Quand as-tu commencé à écrire un blogue?
En 2007, au terme du Tour de l’Abitibi.
C’était quoi ton objectif?
Je venais de vivre toute une expérience à ma première année en cyclisme sur route. Je voulais la faire partager. Certains cyclistes pros commençaient à publier des chroniques sur le Web et j’aimais les lire. Le concept du blogue était relativement nouveau. J’étudiais en journalisme à l’époque et je ne voulais pas être rouillé à la rentrée des classes. J’ai donc résumé mon Tour en mots et je l’ai partagé à une trentaine de contacts dans une chaîne de courriels.

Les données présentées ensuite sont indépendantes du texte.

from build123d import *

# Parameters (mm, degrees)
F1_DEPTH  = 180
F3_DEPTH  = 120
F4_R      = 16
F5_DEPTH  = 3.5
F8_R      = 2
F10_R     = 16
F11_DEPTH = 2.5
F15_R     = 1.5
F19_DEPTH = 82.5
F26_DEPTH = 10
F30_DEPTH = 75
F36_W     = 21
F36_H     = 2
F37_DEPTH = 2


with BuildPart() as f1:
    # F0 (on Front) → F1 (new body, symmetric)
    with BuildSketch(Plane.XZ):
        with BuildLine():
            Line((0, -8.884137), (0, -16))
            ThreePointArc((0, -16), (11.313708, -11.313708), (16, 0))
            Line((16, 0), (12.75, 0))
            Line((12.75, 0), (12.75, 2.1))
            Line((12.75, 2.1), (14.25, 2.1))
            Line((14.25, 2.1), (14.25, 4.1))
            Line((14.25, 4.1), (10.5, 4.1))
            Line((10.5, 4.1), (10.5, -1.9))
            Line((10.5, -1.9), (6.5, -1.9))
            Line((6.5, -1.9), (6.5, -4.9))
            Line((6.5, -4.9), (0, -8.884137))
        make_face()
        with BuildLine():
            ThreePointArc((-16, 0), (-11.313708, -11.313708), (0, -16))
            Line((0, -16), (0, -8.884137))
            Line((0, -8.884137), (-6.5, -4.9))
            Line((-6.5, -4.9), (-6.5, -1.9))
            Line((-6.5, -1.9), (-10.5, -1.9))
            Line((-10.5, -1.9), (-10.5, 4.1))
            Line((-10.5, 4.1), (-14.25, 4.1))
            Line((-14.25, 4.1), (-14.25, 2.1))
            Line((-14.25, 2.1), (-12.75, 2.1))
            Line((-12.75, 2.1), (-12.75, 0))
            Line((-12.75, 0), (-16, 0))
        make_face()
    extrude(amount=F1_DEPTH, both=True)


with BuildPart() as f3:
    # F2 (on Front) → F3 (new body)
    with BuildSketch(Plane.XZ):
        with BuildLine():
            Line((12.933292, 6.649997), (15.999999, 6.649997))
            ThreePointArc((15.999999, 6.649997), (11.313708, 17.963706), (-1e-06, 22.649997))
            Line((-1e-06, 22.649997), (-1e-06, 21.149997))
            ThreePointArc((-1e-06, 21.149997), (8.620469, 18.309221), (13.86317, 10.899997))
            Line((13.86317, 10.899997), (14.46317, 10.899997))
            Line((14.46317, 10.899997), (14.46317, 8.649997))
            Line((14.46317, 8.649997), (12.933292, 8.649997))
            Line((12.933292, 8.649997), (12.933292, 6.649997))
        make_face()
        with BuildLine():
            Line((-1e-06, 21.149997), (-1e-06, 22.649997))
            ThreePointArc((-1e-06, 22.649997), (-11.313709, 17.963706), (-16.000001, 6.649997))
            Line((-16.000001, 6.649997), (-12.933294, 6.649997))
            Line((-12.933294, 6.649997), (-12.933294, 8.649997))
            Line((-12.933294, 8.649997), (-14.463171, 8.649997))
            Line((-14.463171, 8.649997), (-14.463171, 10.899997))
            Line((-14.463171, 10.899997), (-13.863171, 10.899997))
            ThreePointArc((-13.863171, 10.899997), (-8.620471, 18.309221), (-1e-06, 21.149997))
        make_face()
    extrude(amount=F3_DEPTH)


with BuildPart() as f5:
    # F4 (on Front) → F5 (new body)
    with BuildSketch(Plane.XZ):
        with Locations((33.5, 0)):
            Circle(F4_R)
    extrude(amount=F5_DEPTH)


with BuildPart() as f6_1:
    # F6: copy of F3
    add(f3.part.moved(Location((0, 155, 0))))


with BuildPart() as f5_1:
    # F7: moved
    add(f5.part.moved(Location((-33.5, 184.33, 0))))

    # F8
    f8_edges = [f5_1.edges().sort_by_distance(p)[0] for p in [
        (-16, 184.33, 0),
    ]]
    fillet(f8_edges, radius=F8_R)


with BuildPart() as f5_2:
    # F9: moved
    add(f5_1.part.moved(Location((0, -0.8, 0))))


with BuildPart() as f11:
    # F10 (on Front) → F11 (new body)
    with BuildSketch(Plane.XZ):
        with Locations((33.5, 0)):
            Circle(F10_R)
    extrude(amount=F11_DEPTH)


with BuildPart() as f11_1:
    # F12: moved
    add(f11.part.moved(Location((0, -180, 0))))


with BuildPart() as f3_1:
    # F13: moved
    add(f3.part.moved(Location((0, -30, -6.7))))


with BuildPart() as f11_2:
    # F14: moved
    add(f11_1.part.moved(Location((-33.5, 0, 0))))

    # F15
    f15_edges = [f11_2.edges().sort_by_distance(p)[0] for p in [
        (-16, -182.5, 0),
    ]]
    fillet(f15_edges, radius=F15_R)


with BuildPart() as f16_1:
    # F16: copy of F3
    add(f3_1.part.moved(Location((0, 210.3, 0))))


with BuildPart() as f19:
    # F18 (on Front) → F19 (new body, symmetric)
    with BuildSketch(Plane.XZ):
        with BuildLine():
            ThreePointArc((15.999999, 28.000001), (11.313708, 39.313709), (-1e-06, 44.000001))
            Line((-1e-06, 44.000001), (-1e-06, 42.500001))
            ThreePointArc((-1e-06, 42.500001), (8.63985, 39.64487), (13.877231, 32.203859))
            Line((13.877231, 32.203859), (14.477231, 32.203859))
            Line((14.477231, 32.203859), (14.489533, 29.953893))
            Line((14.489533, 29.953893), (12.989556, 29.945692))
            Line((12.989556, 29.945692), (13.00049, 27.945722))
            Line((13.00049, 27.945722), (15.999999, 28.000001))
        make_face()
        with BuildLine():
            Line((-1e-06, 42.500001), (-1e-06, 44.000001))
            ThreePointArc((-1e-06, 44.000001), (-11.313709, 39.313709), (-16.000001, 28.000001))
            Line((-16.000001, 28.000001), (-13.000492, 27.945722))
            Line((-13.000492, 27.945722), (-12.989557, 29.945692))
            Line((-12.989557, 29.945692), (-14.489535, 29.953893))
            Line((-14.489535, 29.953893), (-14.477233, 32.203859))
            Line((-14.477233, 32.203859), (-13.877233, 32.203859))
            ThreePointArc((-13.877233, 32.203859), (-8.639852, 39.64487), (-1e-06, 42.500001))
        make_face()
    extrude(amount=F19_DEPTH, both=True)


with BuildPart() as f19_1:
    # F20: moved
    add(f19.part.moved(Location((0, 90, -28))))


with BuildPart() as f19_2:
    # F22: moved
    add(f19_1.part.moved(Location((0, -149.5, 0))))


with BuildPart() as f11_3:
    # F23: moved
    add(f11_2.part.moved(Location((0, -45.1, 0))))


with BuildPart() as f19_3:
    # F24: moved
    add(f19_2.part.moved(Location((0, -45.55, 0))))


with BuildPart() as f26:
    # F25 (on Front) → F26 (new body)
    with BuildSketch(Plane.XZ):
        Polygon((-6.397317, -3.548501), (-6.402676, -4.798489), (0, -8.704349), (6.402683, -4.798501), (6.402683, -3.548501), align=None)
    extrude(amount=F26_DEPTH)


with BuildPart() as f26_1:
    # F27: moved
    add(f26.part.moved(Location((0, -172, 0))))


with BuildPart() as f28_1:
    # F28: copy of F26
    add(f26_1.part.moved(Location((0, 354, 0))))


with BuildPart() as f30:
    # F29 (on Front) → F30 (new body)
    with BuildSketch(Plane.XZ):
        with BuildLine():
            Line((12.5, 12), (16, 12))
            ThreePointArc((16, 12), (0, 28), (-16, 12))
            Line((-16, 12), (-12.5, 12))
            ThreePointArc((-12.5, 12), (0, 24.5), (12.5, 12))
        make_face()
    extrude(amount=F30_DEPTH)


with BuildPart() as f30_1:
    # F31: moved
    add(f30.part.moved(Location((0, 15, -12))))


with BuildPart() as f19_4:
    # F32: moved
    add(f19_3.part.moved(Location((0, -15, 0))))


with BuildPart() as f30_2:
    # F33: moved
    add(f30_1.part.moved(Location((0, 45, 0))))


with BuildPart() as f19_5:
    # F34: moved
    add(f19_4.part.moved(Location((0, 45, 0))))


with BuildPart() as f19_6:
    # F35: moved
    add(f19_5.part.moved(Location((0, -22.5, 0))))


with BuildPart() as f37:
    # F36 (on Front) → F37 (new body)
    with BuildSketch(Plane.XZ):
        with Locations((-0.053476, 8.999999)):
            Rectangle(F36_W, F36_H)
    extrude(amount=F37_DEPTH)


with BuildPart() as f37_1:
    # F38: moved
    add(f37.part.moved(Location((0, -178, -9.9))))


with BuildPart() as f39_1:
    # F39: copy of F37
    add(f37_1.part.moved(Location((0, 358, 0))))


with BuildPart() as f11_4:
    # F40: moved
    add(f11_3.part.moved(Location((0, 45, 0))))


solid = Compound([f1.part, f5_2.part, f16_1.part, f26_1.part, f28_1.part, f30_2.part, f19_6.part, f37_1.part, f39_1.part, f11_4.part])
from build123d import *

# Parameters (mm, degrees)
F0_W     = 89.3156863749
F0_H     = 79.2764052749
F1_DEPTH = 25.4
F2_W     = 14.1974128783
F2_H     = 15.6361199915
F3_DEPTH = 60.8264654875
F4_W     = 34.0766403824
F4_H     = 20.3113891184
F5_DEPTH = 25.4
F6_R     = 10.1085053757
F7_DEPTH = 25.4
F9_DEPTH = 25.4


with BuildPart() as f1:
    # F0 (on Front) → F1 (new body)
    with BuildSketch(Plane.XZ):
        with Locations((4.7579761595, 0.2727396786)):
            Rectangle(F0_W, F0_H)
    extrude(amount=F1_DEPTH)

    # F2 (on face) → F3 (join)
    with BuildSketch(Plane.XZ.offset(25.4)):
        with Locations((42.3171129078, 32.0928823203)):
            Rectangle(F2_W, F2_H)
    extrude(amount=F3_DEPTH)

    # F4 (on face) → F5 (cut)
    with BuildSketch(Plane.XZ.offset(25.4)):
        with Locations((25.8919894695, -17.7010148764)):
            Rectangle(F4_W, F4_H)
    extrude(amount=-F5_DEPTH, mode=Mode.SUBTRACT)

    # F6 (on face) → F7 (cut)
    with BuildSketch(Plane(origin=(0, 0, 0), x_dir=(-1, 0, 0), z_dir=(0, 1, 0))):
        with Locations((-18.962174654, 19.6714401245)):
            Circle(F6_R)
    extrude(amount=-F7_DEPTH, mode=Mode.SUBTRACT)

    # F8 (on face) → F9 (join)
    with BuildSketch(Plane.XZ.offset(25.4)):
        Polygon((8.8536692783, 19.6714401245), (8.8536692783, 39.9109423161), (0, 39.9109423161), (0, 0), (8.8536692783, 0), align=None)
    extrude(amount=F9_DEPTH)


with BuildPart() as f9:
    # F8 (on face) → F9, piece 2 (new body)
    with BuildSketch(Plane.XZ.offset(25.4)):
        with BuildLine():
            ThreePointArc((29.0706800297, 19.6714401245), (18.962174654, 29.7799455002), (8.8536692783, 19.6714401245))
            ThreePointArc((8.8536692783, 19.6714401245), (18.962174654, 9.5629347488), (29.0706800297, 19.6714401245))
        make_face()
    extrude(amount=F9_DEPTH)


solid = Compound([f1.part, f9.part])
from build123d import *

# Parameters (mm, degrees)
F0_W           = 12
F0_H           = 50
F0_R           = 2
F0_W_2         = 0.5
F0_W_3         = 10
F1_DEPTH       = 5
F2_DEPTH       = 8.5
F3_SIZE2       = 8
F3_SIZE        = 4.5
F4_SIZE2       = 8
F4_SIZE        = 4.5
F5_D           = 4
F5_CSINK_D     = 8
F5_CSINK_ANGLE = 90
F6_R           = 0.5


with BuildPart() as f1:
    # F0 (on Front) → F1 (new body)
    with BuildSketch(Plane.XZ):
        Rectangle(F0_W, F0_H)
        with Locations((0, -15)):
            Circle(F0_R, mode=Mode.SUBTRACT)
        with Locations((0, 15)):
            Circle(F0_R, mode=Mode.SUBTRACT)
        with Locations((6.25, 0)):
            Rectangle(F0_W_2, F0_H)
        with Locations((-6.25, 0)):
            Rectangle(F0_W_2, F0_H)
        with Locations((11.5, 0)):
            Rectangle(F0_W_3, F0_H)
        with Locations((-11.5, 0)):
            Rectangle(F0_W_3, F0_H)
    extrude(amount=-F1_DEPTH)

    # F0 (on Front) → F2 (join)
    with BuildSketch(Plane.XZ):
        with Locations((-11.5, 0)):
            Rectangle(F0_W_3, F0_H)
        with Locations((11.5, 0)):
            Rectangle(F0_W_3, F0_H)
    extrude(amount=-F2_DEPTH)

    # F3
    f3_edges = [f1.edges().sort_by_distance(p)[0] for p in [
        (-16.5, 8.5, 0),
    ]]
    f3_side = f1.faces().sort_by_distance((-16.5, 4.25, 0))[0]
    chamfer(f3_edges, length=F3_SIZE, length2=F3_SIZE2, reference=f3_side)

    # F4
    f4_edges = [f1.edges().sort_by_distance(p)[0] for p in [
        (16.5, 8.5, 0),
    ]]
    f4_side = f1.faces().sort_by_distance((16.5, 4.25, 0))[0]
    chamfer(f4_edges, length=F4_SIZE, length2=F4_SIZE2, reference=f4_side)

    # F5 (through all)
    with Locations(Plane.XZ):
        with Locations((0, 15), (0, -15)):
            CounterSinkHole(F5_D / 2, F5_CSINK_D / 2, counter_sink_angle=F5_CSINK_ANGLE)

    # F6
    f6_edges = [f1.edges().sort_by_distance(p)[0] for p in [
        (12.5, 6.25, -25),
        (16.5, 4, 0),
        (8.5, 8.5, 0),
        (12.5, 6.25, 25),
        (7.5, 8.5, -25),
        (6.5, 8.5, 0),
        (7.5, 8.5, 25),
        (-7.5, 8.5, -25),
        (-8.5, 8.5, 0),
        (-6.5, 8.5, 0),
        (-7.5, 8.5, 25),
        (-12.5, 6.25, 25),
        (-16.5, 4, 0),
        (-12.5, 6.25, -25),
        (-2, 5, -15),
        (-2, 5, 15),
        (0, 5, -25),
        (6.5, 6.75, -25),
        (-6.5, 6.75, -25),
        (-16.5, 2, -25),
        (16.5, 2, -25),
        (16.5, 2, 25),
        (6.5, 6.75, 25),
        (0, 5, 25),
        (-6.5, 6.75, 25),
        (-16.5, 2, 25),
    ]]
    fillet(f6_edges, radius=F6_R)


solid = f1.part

Comment ton blogue s’est-il transformé?
Il est devenu beaucoup plus populaire lorsque mes articles ont commencé à être partagés sur les Vélo Nouvelles et avec l’apparition de Facebook. À cette époque, il y avait peu de contenu cycliste québécois sur le Web, hormis laflammerouge.com, qui est toujours fidèle au poste depuis 2003 grâce au travail de Laurent Martel. De mon côté, je ne voulais pas parler d’équipement, d’entraînement ou des courses pros. Je voulais raconter des histoires de vélo, au départ les miennes, puis celles des autres.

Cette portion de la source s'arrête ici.